**Task brief:** Copy the lines below exactly. No picture goes into the copy.

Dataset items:
__________________________________________________
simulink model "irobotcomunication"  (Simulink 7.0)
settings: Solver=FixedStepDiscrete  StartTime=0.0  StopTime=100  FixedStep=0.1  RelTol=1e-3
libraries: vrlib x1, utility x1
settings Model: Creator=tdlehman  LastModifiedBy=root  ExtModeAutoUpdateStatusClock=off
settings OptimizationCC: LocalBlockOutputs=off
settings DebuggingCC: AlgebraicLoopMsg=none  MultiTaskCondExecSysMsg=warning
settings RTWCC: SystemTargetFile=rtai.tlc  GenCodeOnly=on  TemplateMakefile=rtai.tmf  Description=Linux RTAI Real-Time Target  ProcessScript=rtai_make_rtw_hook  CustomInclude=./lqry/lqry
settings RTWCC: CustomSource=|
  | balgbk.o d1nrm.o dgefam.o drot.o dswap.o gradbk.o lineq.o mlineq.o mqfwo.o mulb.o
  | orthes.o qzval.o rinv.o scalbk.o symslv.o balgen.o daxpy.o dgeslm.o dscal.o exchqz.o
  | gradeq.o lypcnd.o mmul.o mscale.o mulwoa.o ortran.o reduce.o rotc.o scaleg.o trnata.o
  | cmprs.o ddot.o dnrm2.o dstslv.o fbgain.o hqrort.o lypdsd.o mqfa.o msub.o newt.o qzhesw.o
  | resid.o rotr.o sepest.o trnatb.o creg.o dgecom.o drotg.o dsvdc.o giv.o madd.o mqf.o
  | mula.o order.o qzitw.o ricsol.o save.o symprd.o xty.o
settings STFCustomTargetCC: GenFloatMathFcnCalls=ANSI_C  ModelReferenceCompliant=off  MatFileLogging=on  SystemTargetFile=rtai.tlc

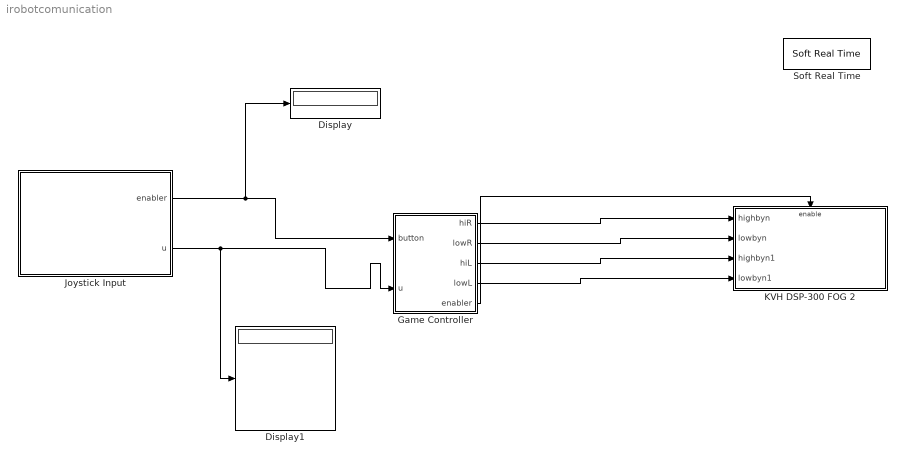
== system irobotcomunication ==
  Display : Display
  Display1 : Display
  Game Controller : Stateflow chart
  Joystick Input : Subsystem
  KVH DSP-300 FOG 2 : Subsystem  mask(EZServo){port=COM1, baudrate=57600, databit=8, stopbit=1, parity=None, samptime=0.1}
      mask prompts: baudrate "Baud rate:"; databit "Number of data bits:"; stopbit "Number of stop bits:"; samptime "Sample Time:"
      mask help:
      | iRobot Create
      | (Alessio Grompone)
      |
      | Select the following options for standard use:
      |
      | 57600 bps, 8 Data Bits, 1 Stop Bit, No Parity, No Protocol
      mask StyleString: popup(COM1|COM2|COM3|COM4|COM5|COM6|COM7|COM8),popup(115200|57600|38400|19200|9600|4800|2400|1200|300|110),popup(8|7|6|5),popup(1|2),popup(None|Odd|Even),edit
      mask Display:
      | disp('iRobot \n Create');
      | 
      | 
      | 
      | port_label('input',1,'Command 1')
      | port_label('input',2,'Command 2')
      | port_label('input',3,'Command 3')
      | port_label('input',4,'Command 4')
  Soft Real Time : utility/Soft Real Time  x=1
  wires:
  Game Controller/1(hiR) -> KVH DSP-300 FOG 2/1(highbyn)
  Game Controller/2(lowR) -> KVH DSP-300 FOG 2/2(lowbyn)
  Game Controller/3(hiL) -> KVH DSP-300 FOG 2/3(highbyn1)
  Game Controller/4(lowL) -> KVH DSP-300 FOG 2/4(lowbyn1)
  Game Controller/5(enabler) -> KVH DSP-300 FOG 2/Enable
  Joystick Input/2(u) -> Game Controller/2(u), Display1/1
  Joystick Input/1(enabler) -> Game Controller/1(button), Display/1

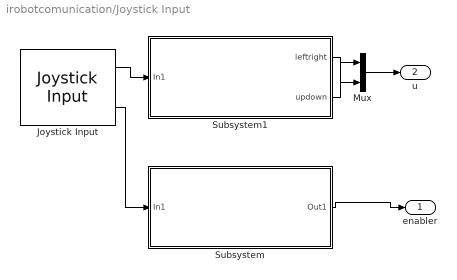
== system irobotcomunication/Joystick Input ==
  Joystick Input : vrlib/Joystick Input  joyid=1  adjustports=on  forcefeed=off
  Mux : Mux  Inputs=2
  Subsystem : Subsystem
  Subsystem1 : Subsystem
  enabler : Outport  OutDataType=sfix(16)  OutScaling=2^0
  u : Outport  Port=2  OutDataType=sfix(16)  OutScaling=2^0
  wires:
  Joystick Input/1 -> Subsystem1/1(In1)
  Joystick Input/2 -> Subsystem/1(In1)
  Subsystem/1(Out1) -> enabler/1
  Mux/1 -> u/1
  Subsystem1/1(leftright) -> Mux/2
  Subsystem1/2(updown) -> Mux/1

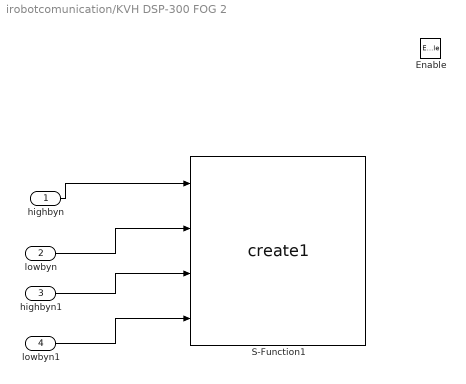
== system irobotcomunication/KVH DSP-300 FOG 2 ==
  highbyn : Inport  OutDataType=sfix(16)  OutScaling=2^0
  lowbyn : Inport  Port=2  OutDataType=sfix(16)  OutScaling=2^0
  highbyn1 : Inport  Port=3  OutDataType=sfix(16)  OutScaling=2^0
  lowbyn1 : Inport  Port=4  OutDataType=sfix(16)  OutScaling=2^0
  Enable : EnablePort
  S-Function1 : S-Function  FunctionName=create1  Parameters=port, baudrate, databit, stopbit, parity, samptime
  wires:
  highbyn/1 -> S-Function1/1
  lowbyn/1 -> S-Function1/2
  highbyn1/1 -> S-Function1/3
  lowbyn1/1 -> S-Function1/4

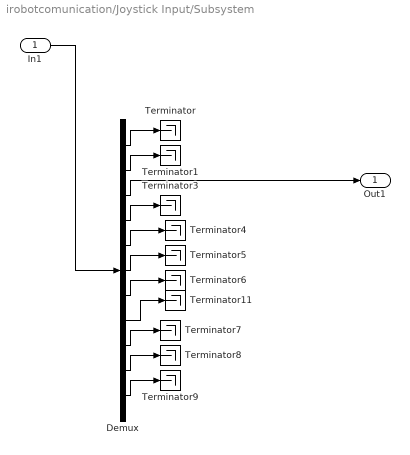
== system irobotcomunication/Joystick Input/Subsystem ==
  In1 : Inport  OutDataType=sfix(16)  OutScaling=2^0
  Demux : Demux  Outputs=11
  Terminator{,1,3..9,11} (10 alike) : Terminator
  Out1 : Outport  OutDataType=sfix(16)  OutScaling=2^0
  wires:
  In1/1 -> Demux/1
  Demux/1 -> Terminator/1
  Demux/2 -> Terminator1/1
  Demux/3 -> Out1/1
  Demux/4 -> Terminator3/1
  Demux/5 -> Terminator4/1
  Demux/9 -> Terminator7/1
  Demux/10 -> Terminator8/1
  Demux/11 -> Terminator9/1
  Demux/6 -> Terminator5/1
  Demux/7 -> Terminator6/1
  Demux/8 -> Terminator11/1

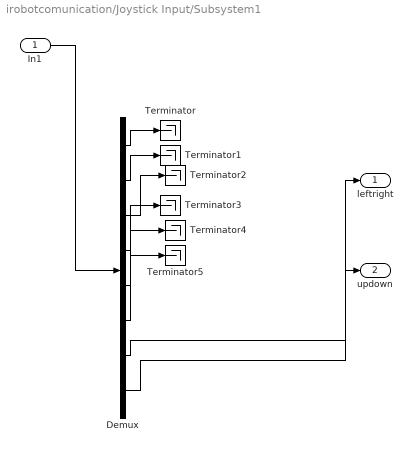
== system irobotcomunication/Joystick Input/Subsystem1 ==
  In1 : Inport  OutDataType=sfix(16)  OutScaling=2^0
  Demux : Demux  Outputs=8
  Terminator{,1..5} (6 alike) : Terminator
  leftright : Outport  OutDataType=sfix(16)  OutScaling=2^0
  updown : Outport  Port=2  OutDataType=sfix(16)  OutScaling=2^0
  wires:
  Demux/8 -> updown/1
  Demux/7 -> leftright/1
  Demux/6 -> Terminator5/1
  Demux/5 -> Terminator4/1
  Demux/4 -> Terminator3/1
  Demux/2 -> Terminator1/1
  Demux/1 -> Terminator/1
  In1/1 -> Demux/1
  Demux/3 -> Terminator2/1

== matlab function Game Controller ==
  data: button input inherited; u input inherited; hiR output inherited; lowR output inherited; hiL output inherited; lowL output inherited; enabler output inherited
function [hiR,lowR,hiL,lowL,enabler] = fcn(button,u)
% This block supports the Embedded MATLAB subset.
% See the help menu for details. 


if u(2)==1; %turn right

hiR=0;
lowR=0;
hiL=12;
lowL=8;

elseif u(2)==-1;%turn left
    
hiR=12;
lowR=8;
hiL=0;
lowL=0;

else
    
if u(1)==1; %backwards

hiR=255;
lowR=56;
hiL=255;
lowL=56;

elseif u(1)==-1;%forward
    
hiR=12;
lowR=8;
hiL=12;
lowL=8;

else %stop
    
hiR=0;
lowR=0;
hiL=0;
lowL=0;  

end 

end

if button==1;
    
    enabler=1;
    
else
    enabler=0;
end
__________________________________________________
**Problem solution:**
simulink model "irobotcomunication"  (Simulink 7.0)
settings: Solver=FixedStepDiscrete  StartTime=0.0  StopTime=100  FixedStep=0.1  RelTol=1e-3
libraries: vrlib x1, utility x1
settings Model: Creator=tdlehman  LastModifiedBy=root  ExtModeAutoUpdateStatusClock=off
settings OptimizationCC: LocalBlockOutputs=off
settings DebuggingCC: AlgebraicLoopMsg=none  MultiTaskCondExecSysMsg=warning
settings RTWCC: SystemTargetFile=rtai.tlc  GenCodeOnly=on  TemplateMakefile=rtai.tmf  Description=Linux RTAI Real-Time Target  ProcessScript=rtai_make_rtw_hook  CustomInclude=./lqry/lqry
settings RTWCC: CustomSource=|
  | balgbk.o d1nrm.o dgefam.o drot.o dswap.o gradbk.o lineq.o mlineq.o mqfwo.o mulb.o
  | orthes.o qzval.o rinv.o scalbk.o symslv.o balgen.o daxpy.o dgeslm.o dscal.o exchqz.o
  | gradeq.o lypcnd.o mmul.o mscale.o mulwoa.o ortran.o reduce.o rotc.o scaleg.o trnata.o
  | cmprs.o ddot.o dnrm2.o dstslv.o fbgain.o hqrort.o lypdsd.o mqfa.o msub.o newt.o qzhesw.o
  | resid.o rotr.o sepest.o trnatb.o creg.o dgecom.o drotg.o dsvdc.o giv.o madd.o mqf.o
  | mula.o order.o qzitw.o ricsol.o save.o symprd.o xty.o
settings STFCustomTargetCC: GenFloatMathFcnCalls=ANSI_C  ModelReferenceCompliant=off  MatFileLogging=on  SystemTargetFile=rtai.tlc

== system irobotcomunication ==
  Display : Display
  Display1 : Display
  Game Controller : Stateflow chart
  Joystick Input : Subsystem
  KVH DSP-300 FOG 2 : Subsystem  mask(EZServo){port=COM1, baudrate=57600, databit=8, stopbit=1, parity=None, samptime=0.1}
      mask prompts: baudrate "Baud rate:"; databit "Number of data bits:"; stopbit "Number of stop bits:"; samptime "Sample Time:"
      mask help:
      | iRobot Create
      | (Alessio Grompone)
      |
      | Select the following options for standard use:
      |
      | 57600 bps, 8 Data Bits, 1 Stop Bit, No Parity, No Protocol
      mask StyleString: popup(COM1|COM2|COM3|COM4|COM5|COM6|COM7|COM8),popup(115200|57600|38400|19200|9600|4800|2400|1200|300|110),popup(8|7|6|5),popup(1|2),popup(None|Odd|Even),edit
      mask Display:
      | disp('iRobot \n Create');
      | 
      | 
      | 
      | port_label('input',1,'Command 1')
      | port_label('input',2,'Command 2')
      | port_label('input',3,'Command 3')
      | port_label('input',4,'Command 4')
  Soft Real Time : utility/Soft Real Time  x=1
  wires:
  Game Controller/1(hiR) -> KVH DSP-300 FOG 2/1(highbyn)
  Game Controller/2(lowR) -> KVH DSP-300 FOG 2/2(lowbyn)
  Game Controller/3(hiL) -> KVH DSP-300 FOG 2/3(highbyn1)
  Game Controller/4(lowL) -> KVH DSP-300 FOG 2/4(lowbyn1)
  Game Controller/5(enabler) -> KVH DSP-300 FOG 2/Enable
  Joystick Input/2(u) -> Game Controller/2(u), Display1/1
  Joystick Input/1(enabler) -> Game Controller/1(button), Display/1

== system irobotcomunication/Joystick Input ==
  Joystick Input : vrlib/Joystick Input  joyid=1  adjustports=on  forcefeed=off
  Mux : Mux  Inputs=2
  Subsystem : Subsystem
  Subsystem1 : Subsystem
  enabler : Outport  OutDataType=sfix(16)  OutScaling=2^0
  u : Outport  Port=2  OutDataType=sfix(16)  OutScaling=2^0
  wires:
  Joystick Input/1 -> Subsystem1/1(In1)
  Joystick Input/2 -> Subsystem/1(In1)
  Subsystem/1(Out1) -> enabler/1
  Mux/1 -> u/1
  Subsystem1/1(leftright) -> Mux/2
  Subsystem1/2(updown) -> Mux/1

== system irobotcomunication/KVH DSP-300 FOG 2 ==
  highbyn : Inport  OutDataType=sfix(16)  OutScaling=2^0
  lowbyn : Inport  Port=2  OutDataType=sfix(16)  OutScaling=2^0
  highbyn1 : Inport  Port=3  OutDataType=sfix(16)  OutScaling=2^0
  lowbyn1 : Inport  Port=4  OutDataType=sfix(16)  OutScaling=2^0
  Enable : EnablePort
  S-Function1 : S-Function  FunctionName=create1  Parameters=port, baudrate, databit, stopbit, parity, samptime
  wires:
  highbyn/1 -> S-Function1/1
  lowbyn/1 -> S-Function1/2
  highbyn1/1 -> S-Function1/3
  lowbyn1/1 -> S-Function1/4

== system irobotcomunication/Joystick Input/Subsystem ==
  In1 : Inport  OutDataType=sfix(16)  OutScaling=2^0
  Demux : Demux  Outputs=11
  Terminator{,1,3..9,11} (10 alike) : Terminator
  Out1 : Outport  OutDataType=sfix(16)  OutScaling=2^0
  wires:
  In1/1 -> Demux/1
  Demux/1 -> Terminator/1
  Demux/2 -> Terminator1/1
  Demux/3 -> Out1/1
  Demux/4 -> Terminator3/1
  Demux/5 -> Terminator4/1
  Demux/9 -> Terminator7/1
  Demux/10 -> Terminator8/1
  Demux/11 -> Terminator9/1
  Demux/6 -> Terminator5/1
  Demux/7 -> Terminator6/1
  Demux/8 -> Terminator11/1

== system irobotcomunication/Joystick Input/Subsystem1 ==
  In1 : Inport  OutDataType=sfix(16)  OutScaling=2^0
  Demux : Demux  Outputs=8
  Terminator{,1..5} (6 alike) : Terminator
  leftright : Outport  OutDataType=sfix(16)  OutScaling=2^0
  updown : Outport  Port=2  OutDataType=sfix(16)  OutScaling=2^0
  wires:
  Demux/8 -> updown/1
  Demux/7 -> leftright/1
  Demux/6 -> Terminator5/1
  Demux/5 -> Terminator4/1
  Demux/4 -> Terminator3/1
  Demux/2 -> Terminator1/1
  Demux/1 -> Terminator/1
  In1/1 -> Demux/1
  Demux/3 -> Terminator2/1

== matlab function Game Controller ==
  data: button input inherited; u input inherited; hiR output inherited; lowR output inherited; hiL output inherited; lowL output inherited; enabler output inherited
function [hiR,lowR,hiL,lowL,enabler] = fcn(button,u)
% This block supports the Embedded MATLAB subset.
% See the help menu for details. 


if u(2)==1; %turn right

hiR=0;
lowR=0;
hiL=12;
lowL=8;

elseif u(2)==-1;%turn left
    
hiR=12;
lowR=8;
hiL=0;
lowL=0;

else
    
if u(1)==1; %backwards

hiR=255;
lowR=56;
hiL=255;
lowL=56;

elseif u(1)==-1;%forward
    
hiR=12;
lowR=8;
hiL=12;
lowL=8;

else %stop
    
hiR=0;
lowR=0;
hiL=0;
lowL=0;  

end 

end

if button==1;
    
    enabler=1;
    
else
    enabler=0;
end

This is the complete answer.